▶ **Task to carry out**: Up through the line that contains "Board: 2 copper layers, 230.1", retype the entries exactly, beginning at the very first line.

▶ **Material for the task**:
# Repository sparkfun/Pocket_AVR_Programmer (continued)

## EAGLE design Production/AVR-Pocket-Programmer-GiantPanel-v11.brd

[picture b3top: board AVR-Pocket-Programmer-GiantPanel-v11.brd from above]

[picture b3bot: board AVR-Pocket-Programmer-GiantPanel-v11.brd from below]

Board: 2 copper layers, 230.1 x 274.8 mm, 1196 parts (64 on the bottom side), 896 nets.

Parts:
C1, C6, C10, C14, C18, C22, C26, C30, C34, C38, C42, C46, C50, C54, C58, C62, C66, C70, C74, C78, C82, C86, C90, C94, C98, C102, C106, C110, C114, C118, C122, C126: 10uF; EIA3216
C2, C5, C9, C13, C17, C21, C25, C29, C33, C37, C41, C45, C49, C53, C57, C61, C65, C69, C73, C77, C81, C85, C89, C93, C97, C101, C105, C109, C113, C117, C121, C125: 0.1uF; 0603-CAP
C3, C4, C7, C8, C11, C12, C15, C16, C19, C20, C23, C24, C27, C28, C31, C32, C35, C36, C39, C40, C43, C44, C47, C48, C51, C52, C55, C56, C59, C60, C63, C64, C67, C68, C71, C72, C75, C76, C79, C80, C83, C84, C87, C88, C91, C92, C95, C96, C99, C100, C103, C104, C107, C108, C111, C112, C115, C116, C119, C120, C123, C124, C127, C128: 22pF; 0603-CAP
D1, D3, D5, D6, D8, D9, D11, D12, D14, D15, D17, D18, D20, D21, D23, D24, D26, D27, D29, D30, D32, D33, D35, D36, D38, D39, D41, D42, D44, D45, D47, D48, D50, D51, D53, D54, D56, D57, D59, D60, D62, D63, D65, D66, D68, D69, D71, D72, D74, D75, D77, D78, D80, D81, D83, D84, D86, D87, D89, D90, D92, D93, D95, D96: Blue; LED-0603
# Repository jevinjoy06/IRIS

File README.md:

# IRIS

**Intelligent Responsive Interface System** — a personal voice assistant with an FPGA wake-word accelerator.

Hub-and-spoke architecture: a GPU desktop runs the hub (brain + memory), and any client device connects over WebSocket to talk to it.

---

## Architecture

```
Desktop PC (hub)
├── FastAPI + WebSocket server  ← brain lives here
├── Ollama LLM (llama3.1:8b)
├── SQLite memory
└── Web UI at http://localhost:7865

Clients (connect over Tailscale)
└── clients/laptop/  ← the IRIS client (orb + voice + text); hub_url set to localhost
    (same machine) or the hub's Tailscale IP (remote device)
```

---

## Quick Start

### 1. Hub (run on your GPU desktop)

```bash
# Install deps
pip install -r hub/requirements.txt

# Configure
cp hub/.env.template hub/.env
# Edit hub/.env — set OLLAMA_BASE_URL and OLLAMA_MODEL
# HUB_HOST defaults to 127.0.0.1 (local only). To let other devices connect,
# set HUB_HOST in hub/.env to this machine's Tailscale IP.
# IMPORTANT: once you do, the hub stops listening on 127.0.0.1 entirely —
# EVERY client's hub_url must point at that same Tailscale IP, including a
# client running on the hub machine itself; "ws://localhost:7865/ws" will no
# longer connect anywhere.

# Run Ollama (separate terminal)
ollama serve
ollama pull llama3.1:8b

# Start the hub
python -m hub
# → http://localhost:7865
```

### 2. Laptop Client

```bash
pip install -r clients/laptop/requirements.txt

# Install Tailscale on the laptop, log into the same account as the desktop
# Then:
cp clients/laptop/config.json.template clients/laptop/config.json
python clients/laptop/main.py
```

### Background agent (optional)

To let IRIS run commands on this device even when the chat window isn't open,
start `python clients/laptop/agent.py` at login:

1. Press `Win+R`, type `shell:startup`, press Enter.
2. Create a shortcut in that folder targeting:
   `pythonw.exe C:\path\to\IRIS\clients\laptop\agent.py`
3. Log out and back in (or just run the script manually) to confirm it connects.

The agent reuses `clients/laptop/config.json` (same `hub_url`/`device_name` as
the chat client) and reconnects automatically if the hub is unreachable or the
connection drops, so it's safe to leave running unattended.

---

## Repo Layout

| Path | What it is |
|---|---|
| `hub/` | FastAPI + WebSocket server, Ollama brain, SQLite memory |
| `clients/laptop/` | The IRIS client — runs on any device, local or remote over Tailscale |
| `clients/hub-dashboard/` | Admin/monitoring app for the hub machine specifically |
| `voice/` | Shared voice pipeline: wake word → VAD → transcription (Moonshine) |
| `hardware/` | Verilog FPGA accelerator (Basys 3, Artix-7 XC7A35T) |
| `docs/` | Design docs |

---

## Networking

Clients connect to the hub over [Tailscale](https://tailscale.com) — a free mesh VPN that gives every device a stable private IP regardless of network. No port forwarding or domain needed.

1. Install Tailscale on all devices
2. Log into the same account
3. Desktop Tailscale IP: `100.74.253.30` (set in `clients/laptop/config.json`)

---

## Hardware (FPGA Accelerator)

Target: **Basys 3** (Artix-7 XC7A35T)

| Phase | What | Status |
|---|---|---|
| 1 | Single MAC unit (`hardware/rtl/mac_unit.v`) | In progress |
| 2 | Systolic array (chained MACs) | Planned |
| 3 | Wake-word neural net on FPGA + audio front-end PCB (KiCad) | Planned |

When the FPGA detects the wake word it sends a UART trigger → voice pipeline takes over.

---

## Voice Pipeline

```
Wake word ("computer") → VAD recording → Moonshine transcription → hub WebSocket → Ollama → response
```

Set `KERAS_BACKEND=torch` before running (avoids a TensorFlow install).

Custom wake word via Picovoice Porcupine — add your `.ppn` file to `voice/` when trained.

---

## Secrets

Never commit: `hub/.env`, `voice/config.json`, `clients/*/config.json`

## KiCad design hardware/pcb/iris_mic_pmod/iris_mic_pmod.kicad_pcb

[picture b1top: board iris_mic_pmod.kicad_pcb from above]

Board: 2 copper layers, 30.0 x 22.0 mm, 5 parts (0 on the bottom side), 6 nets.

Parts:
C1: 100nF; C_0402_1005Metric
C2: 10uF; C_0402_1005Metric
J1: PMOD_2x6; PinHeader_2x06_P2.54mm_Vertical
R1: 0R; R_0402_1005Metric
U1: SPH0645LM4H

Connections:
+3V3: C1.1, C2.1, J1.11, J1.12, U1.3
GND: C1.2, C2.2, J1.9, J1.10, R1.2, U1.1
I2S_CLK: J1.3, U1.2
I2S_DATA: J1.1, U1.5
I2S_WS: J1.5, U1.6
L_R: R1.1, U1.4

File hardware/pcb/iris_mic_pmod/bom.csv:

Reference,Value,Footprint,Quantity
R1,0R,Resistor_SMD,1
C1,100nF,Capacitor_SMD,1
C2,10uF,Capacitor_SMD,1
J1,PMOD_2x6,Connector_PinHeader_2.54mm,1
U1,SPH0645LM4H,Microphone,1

▶ **Result**:
# Repository sparkfun/Pocket_AVR_Programmer (continued)

## EAGLE design Production/AVR-Pocket-Programmer-GiantPanel-v11.brd

[picture b3top: board AVR-Pocket-Programmer-GiantPanel-v11.brd from above]

[picture b3bot: board AVR-Pocket-Programmer-GiantPanel-v11.brd from below]

Board: 2 copper layers, 230.1 x 274.8 mm, 1196 parts (64 on the bottom side), 896 nets.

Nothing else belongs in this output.